When I heard this story, that's what I suspected it was: a plot conceived by the FBI to entrap someone on the fringe. I have very little faith in these efforts. I once learned from an Air Marshal that it was typical for his colleagues to fabricate suspicious observations so that they could fill reports and demonstrate that they were doing there job. An expensive security apparatus needs to be justified, especially when it fails to stop the real thing. We'd be better off spending these resources treating the causes of these attacks rather than pretending that we can stop the attacks themselves. Go Pierre Omidyar.

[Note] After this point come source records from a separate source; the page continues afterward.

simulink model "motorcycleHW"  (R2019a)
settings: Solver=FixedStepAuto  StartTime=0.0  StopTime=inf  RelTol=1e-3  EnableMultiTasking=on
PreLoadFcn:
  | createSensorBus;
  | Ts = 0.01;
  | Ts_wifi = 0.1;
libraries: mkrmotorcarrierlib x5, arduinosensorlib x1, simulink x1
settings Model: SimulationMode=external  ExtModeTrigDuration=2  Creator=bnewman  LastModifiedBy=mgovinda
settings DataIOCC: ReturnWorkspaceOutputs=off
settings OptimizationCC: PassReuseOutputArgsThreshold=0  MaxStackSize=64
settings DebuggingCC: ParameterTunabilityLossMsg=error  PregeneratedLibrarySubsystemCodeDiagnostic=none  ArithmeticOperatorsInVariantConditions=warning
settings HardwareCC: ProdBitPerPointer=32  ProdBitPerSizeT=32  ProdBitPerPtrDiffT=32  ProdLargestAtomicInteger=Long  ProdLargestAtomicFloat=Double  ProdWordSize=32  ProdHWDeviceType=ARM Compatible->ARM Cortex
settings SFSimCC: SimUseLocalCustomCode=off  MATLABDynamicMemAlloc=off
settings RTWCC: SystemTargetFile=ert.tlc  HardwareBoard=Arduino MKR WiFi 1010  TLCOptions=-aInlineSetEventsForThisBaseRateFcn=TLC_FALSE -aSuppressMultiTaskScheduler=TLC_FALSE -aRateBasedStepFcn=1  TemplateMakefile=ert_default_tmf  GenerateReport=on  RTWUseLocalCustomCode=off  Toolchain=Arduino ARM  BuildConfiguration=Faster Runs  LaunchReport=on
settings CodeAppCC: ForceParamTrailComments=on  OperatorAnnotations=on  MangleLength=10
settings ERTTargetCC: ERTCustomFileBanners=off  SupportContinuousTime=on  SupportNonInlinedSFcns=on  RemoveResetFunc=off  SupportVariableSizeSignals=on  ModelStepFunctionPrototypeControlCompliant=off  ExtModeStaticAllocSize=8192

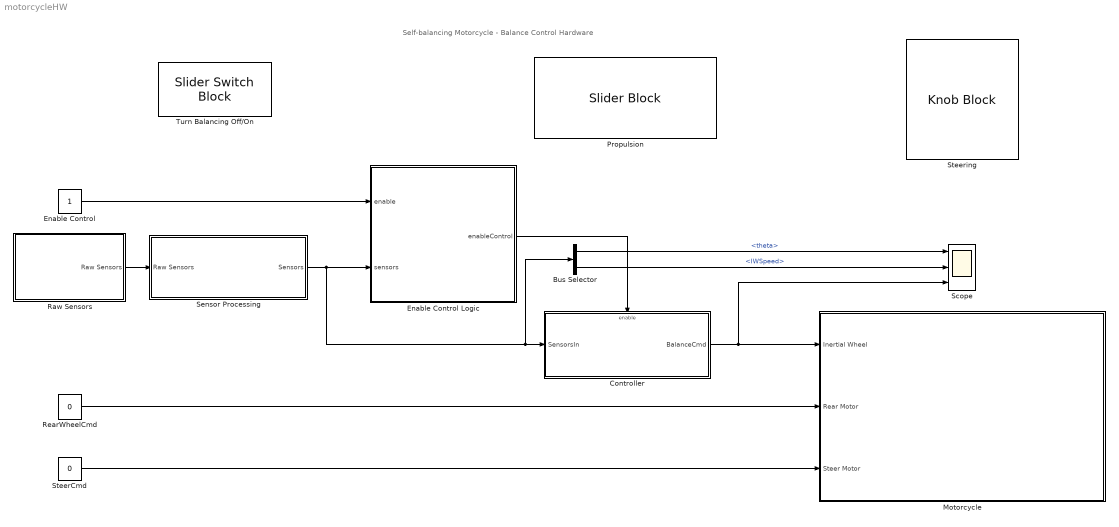
== system motorcycleHW ==
  note: Self-balancing Motorcycle - Balance Control Hardware
  Bus Selector : BusSelector  OutputSignals=theta,IWSpeed
  Controller : Subsystem
  Enable Control : Constant  SampleTime=Ts
  Enable Control Logic : Stateflow chart  TreatAsAtomicUnit=on
  Motorcycle : Subsystem
      mask Display: image('bikeHW.png');
  Propulsion : SliderBlock  LabelPosition=Hide  ScaleMin=-1  ScaleMax=1
  Raw Sensors : Subsystem
  RearWheelCmd : Constant  Value=0  SampleTime=Ts
  Scope : Scope  NumInputPorts=3
  Sensor Processing : Subsystem
  SteerCmd : Constant  Value=0  SampleTime=Ts
  Steering : KnobBlock  LabelPosition=Hide  ScaleMin=-30  ScaleMax=30
  Turn Balancing Off/On : SliderSwitchBlock  LabelPosition=Hide
      settings: Values={{'Off', 'On'}, [0 1]}
  wires:
  Enable Control/1 -> Enable Control Logic/1(enable)
  Controller/1(BalanceCmd) -> Scope/3, Motorcycle/1(Inertial Wheel)
  Enable Control Logic/1(enableControl) -> Controller/Enable
  Sensor Processing/1(Sensors) -> Enable Control Logic/2(sensors), Bus Selector/1, Controller/1(SensorsIn)
  Raw Sensors/1(Raw Sensors) -> Sensor Processing/1(Raw Sensors)
  RearWheelCmd/1 -> Motorcycle/2(Rear Motor)
  Bus Selector/1 -> Scope/1  "<theta>"
  Bus Selector/2 -> Scope/2  "<IWSpeed>"
  SteerCmd/1 -> Motorcycle/3(Steer Motor)

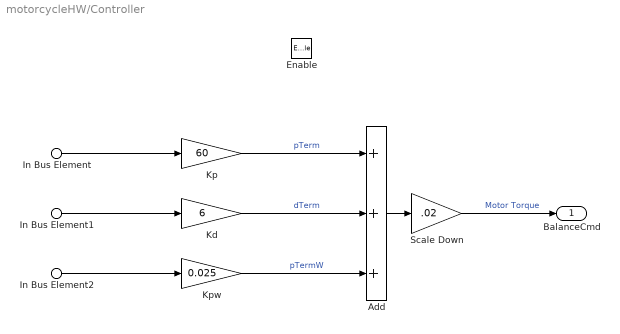
== system motorcycleHW/Controller ==
  In Bus Element : Inport  PortName=SensorsIn  Element=theta
  In Bus Element1 : Inport  PortName=SensorsIn  Element=thetaDot
  In Bus Element2 : Inport  PortName=SensorsIn  Element=IWSpeed
  Enable : EnablePort  StatesWhenEnabling=reset
  Add : Sum  Inputs=3
  Kd : Gain  Gain=6
  Kp : Gain  Gain=60
  Kpw : Gain  Gain=0.025
  Scale Down : Gain  Gain=.02
  BalanceCmd : Outport  OutputWhenDisabled=reset  InitialOutput=0
  wires:
  In Bus Element2/1 -> Kpw/1
  Scale Down/1 -> BalanceCmd/1  "Motor Torque"
  In Bus Element/1 -> Kp/1
  In Bus Element1/1 -> Kd/1
  Add/1 -> Scale Down/1
  Kd/1 -> Add/2  "dTerm"
  Kpw/1 -> Add/3  "pTermW"
  Kp/1 -> Add/1  "pTerm"

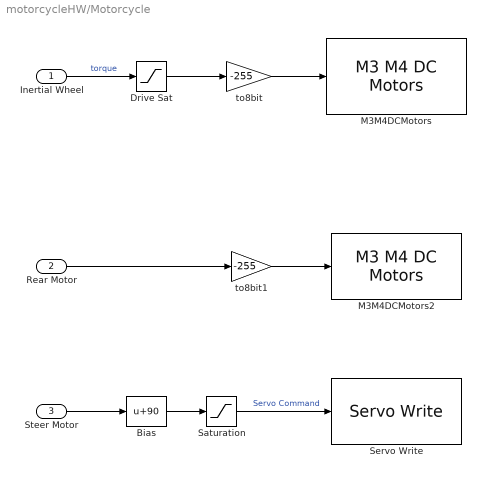
== system motorcycleHW/Motorcycle ==
  Inertial Wheel : Inport
  Rear Motor : Inport  Port=2
  Steer Motor : Inport  Port=3
  Bias : Bias  Bias=90
  Drive Sat : Saturate  UpperLimit=1  LowerLimit=-1
  M3M4DCMotors : mkrmotorcarrierlib/M3 M4 DC Motors  MotorNumber=M3
      settings: SourceProductName=Simulink Support for Arduino MKR Motor Shield
  M3M4DCMotors2 : mkrmotorcarrierlib/M3 M4 DC Motors  MotorNumber=M4
      settings: SourceProductName=Simulink Support for Arduino MKR Motor Carrier
  Saturation : Saturate  UpperLimit=120  LowerLimit=60
  Servo Write : mkrmotorcarrierlib/Servo Write  SlaveAddress=uint8( hex2dec( '66' ) )  blockPlatform=ARDUINO  MotorNumber=3  MotorCarrierPWMFreq=100
      settings: SourceProductName=Simulink Support for Arduino MKR Motor Shield
  to8bit : Gain  Gain=-255
  to8bit1 : Gain  Gain=-255
  wires:
  to8bit/1 -> M3M4DCMotors/1
  Drive Sat/1 -> to8bit/1
  Inertial Wheel/1 -> Drive Sat/1  "torque"
  Rear Motor/1 -> to8bit1/1
  to8bit1/1 -> M3M4DCMotors2/1
  Saturation/1 -> Servo Write/1  "Servo Command"
  Bias/1 -> Saturation/1
  Steer Motor/1 -> Bias/1

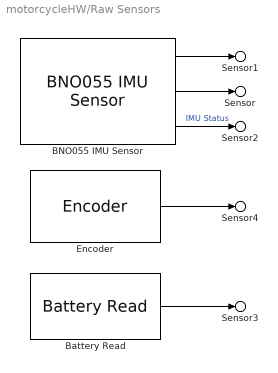
== system motorcycleHW/Raw Sensors ==
  BNO055 IMU Sensor : arduinosensorlib/BNO055 IMU Sensor  SlaveAddress=0x28  OperationMode=Fusion  Accel=off  AngularRate=on  MagField=off  EulerAngles=on  Quat=off  LinearAccel=off  GravityVector=off  AccelRange=4G  AccelBW=62.5 Hz  GyroRange=2000 dps  GyroBW=32 Hz  MagODR=10 Hz  SampleTime=0.01  blockPlatform=ARDUINO
      settings: SourceProductName=Simulink Support for Arduino Sensors
  Battery Read : mkrmotorcarrierlib/Battery Read  SlaveAddress=uint8( hex2dec( '66' ) )  blockPlatform=ARDUINO  SampleTime=0.01
      settings: SourceProductName=Simulink Support for Arduino MKR Motor Shield
  Encoder : mkrmotorcarrierlib/Encoder  SlaveAddress=uint8( hex2dec( '66' ) )  blockPlatform=ARDUINO  Encoder=1  ShowSpeed=off  ResetOption=on  SampleTime=Ts
      settings: SourceProductName=Simulink Support for Arduino MKR Motor Carrier
  Sensor : Outport  PortName=Raw Sensors  Element=Theta
  Sensor1 : Outport  PortName=Raw Sensors  Element=ThetaDot
  Sensor2 : Outport  PortName=Raw Sensors  Element=IMU_Status
  Sensor3 : Outport  PortName=Raw Sensors  Element=Battery
  Sensor4 : Outport  PortName=Raw Sensors  Element=EncCounts
  wires:
  Battery Read/1 -> Sensor3/1
  BNO055 IMU Sensor/1 -> Sensor1/1
  BNO055 IMU Sensor/3 -> Sensor2/1  "IMU Status"
  BNO055 IMU Sensor/2 -> Sensor/1
  Encoder/1 -> Sensor4/1

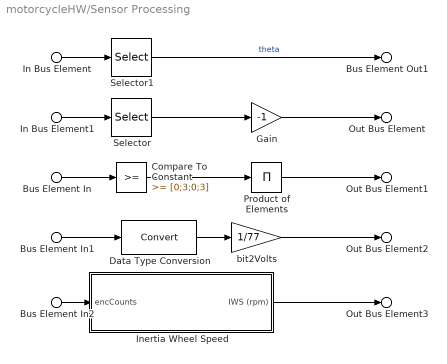
== system motorcycleHW/Sensor Processing ==
  Bus Element In : Inport  PortName=Raw Sensors  Element=IMU_Status
  In Bus Element : Inport  PortName=Raw Sensors  Element=Theta
  In Bus Element1 : Inport  PortName=Raw Sensors  Element=ThetaDot
  Bus Element In1 : Inport  PortName=Raw Sensors  Element=Battery
  Bus Element In2 : Inport  PortName=Raw Sensors  Element=EncCounts
  Compare To Constant : simulink/Logic and Bit Operations/Compare To Constant  relop=>=  const=[0;3;0;3]  OutDataTypeStr=boolean
  Data Type Conversion : DataTypeConversion
  Gain : Gain  Gain=-1
  Inertia Wheel Speed : Subsystem
  Product of Elements : Product  Inputs=*
  Selector : Selector  InputPortWidth=3  IndexOptions=Index vector (dialog)  Indices=2  OutputSizes=1
  Selector1 : Selector  InputPortWidth=3  IndexOptions=Index vector (dialog)  Indices=2  OutputSizes=1
  bit2Volts : Gain  Gain=1/77
  Bus Element Out1 : Outport  PortName=Sensors  Element=theta
  Out Bus Element : Outport  PortName=Sensors  Element=thetaDot
  Out Bus Element1 : Outport  PortName=Sensors  Element=imuCalibrated
  Out Bus Element2 : Outport  PortName=Sensors  Element=Volt
  Out Bus Element3 : Outport  PortName=Sensors  Element=IWSpeed
  wires:
  Selector/1 -> Gain/1
  In Bus Element1/1 -> Selector/1
  In Bus Element/1 -> Selector1/1
  Selector1/1 -> Bus Element Out1/1  "theta"
  Compare To Constant/1 -> Product of Elements/1
  Bus Element In/1 -> Compare To Constant/1
  Data Type Conversion/1 -> bit2Volts/1
  Bus Element In1/1 -> Data Type Conversion/1
  Bus Element In2/1 -> Inertia Wheel Speed/1(encCounts)
  Product of Elements/1 -> Out Bus Element1/1
  Gain/1 -> Out Bus Element/1
  Inertia Wheel Speed/1(IWS (rpm)) -> Out Bus Element3/1
  bit2Volts/1 -> Out Bus Element2/1

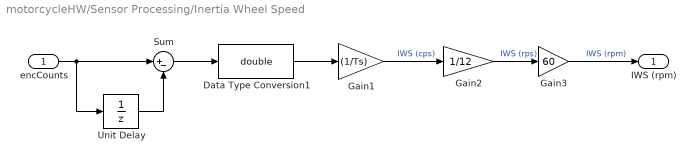
== system motorcycleHW/Sensor Processing/Inertia Wheel Speed ==
  encCounts : Inport
  Data Type Conversion1 : DataTypeConversion  OutDataTypeStr=double
  Gain1 : Gain  Gain=(1/Ts)
  Gain2 : Gain  Gain=1/12  OutDataTypeStr=double
  Gain3 : Gain  Gain=60  OutDataTypeStr=double
  Sum : Sum  Inputs=|+-
  Unit Delay : UnitDelay  SampleTime=-1  HasFrameUpgradeWarning=on
  IWS (rpm) : Outport
  wires:
  Gain2/1 -> Gain3/1  "IWS (rps)"
  Gain1/1 -> Gain2/1  "IWS (cps)"
  Gain3/1 -> IWS (rpm)/1  "IWS (rpm)"
  Unit Delay/1 -> Sum/2
  encCounts/1 -> Unit Delay/1, Sum/1
  Data Type Conversion1/1 -> Gain1/1
  Sum/1 -> Data Type Conversion1/1

== stateflow chart motorcycleHW/Enable Control Logic ==
  state checkIMUCalib [parallel]
    settings: executionOrder=1
    state imuNotCalibrated
      entry:
      isIMUCalibrated = false;
    state imuCalibrated
      entry:
      isIMUCalibrated = true;
    (default) -> imuNotCalibrated
    imuNotCalibrated -> imuCalibrated : [sensors.imuCalibrated == true]
  state checkFallen [parallel]
    du: t = sensors.theta;
    settings: executionOrder=3
    state Standing
      entry:
      isFallen = false;
    state Fallen
      entry:
      isFallen = true;
    (default) -> Standing
    Standing -> Fallen : [abs(t) >6]
    Fallen -> Standing : [abs(t) <6]
  state Running [parallel]
    settings: executionOrder=4
    state Waiting
      entry: enableControl = false
    state Running
      state On
        enableControl = true;
      state Off
        enableControl = false;
      Running.Running -> (junction 53) [order 1]
      (default) -> (junction 53)
      (junction 53) -> (junction 57) [order 1] : [isIMUCalibrated && (isBatteryOK) && not(isFallen)]
      (junction 53) -> Off [order 2]
      (junction 57) -> On
    (default) -> Waiting
    Waiting -> Running.Running : [enable]
    Running.Running -> Waiting [order 1] : [not(enable)]
  state checkBattery [parallel]
    settings: executionOrder=2
    state batteryNotCharged
      entry:
      isBatteryOK = false;
    state batteryCharged
      entry:
      isBatteryOK = true;
    (default) -> batteryNotCharged
    batteryCharged -> batteryNotCharged : [sensors.Volt < 11]
    batteryNotCharged -> batteryCharged : [sensors.Volt >= 11]
  data: enable input; sensors input Bus: sensorBus size=1; isBatteryOK local; enableControl output; isFallen local; isIMUCalibrated local; t local

lol. Snooping powers my ass. Take a look at the cases mw talked about. This technique is nothing new and no judge has any motivation to stand up for the rights of accused terrorism suspects against the FBI. It's the same logic that leads to so few justified pardons for the death penalty, no one wants to be seen as soft on crime. And no one has any motivation at all to be seen as lenient towards accused terrorists. The FBI and those pro mass surveillance desperately need to justify their far-reaching methods in the face of public opposition, and, with that much political clout behind it, taking a stand downwind is political suicide. I mean, the Intercept is just quoting the fucking judge (who prosecuted someone in a similar case) about the questionable methods blatantly used, and this brings about doubting the credibility of the news organization?House Speaker John Boehner claimed yesterday that “the National Security Agency’s snooping powers helped stop a plot to attack the Capitol
(emphasis mine)The FBI learned about Cornell from an unnamed informant who, as the FBI put it, “began cooperating with the FBI in order to obtain favorable treatment with respect to his criminal exposure on an unrelated case.”
I only questioned the new organization for their interesting choice of headline and writing style. Based on what the original goals for the Intercept were, I find it interesting that they are reporting with headlines that could literally be pulled from reddit news. It's not as blatant as buzzfeed, upworthy, etc but it's definitely got some clickbaity, fear mongering in there. This is not to say that it is actually a conspiracy theory or the facts are wrong. It just set off my skepticism sensors. As many others have pointed out in this thread, the facts themselves have more or less been reported by other organizations and there's nothing entirely earth shattering here. I still feel like with the lofty goals of the Intercept, a tiny bit more traditional and objective journalism would be seen. After reading the article, before seeing the domain, I would never have guessed it was them. I guessed it was a conspiracy blog or like news week or some shit. That's my only point.
Yeah, I could see myself having the same reaction if I had read it blind initially, with no reference points as to where it had come from. I've previously read about these in some anarchist blogs and news, and those can be quite pugilistic and fear-mongering, depending, so this is one of the more reasonable accounts I've been exposed to. Plus, with that previous exposure, it didn't quite any alarm cells for me that signify conspiracy-esque thoughts, but more like, "oh great, this again." Sorry for the confusion, I thought you were maybe referencing the parts in the article cited or the underlying story as a whole. Also, the "fucking" in my last sentence was a little much.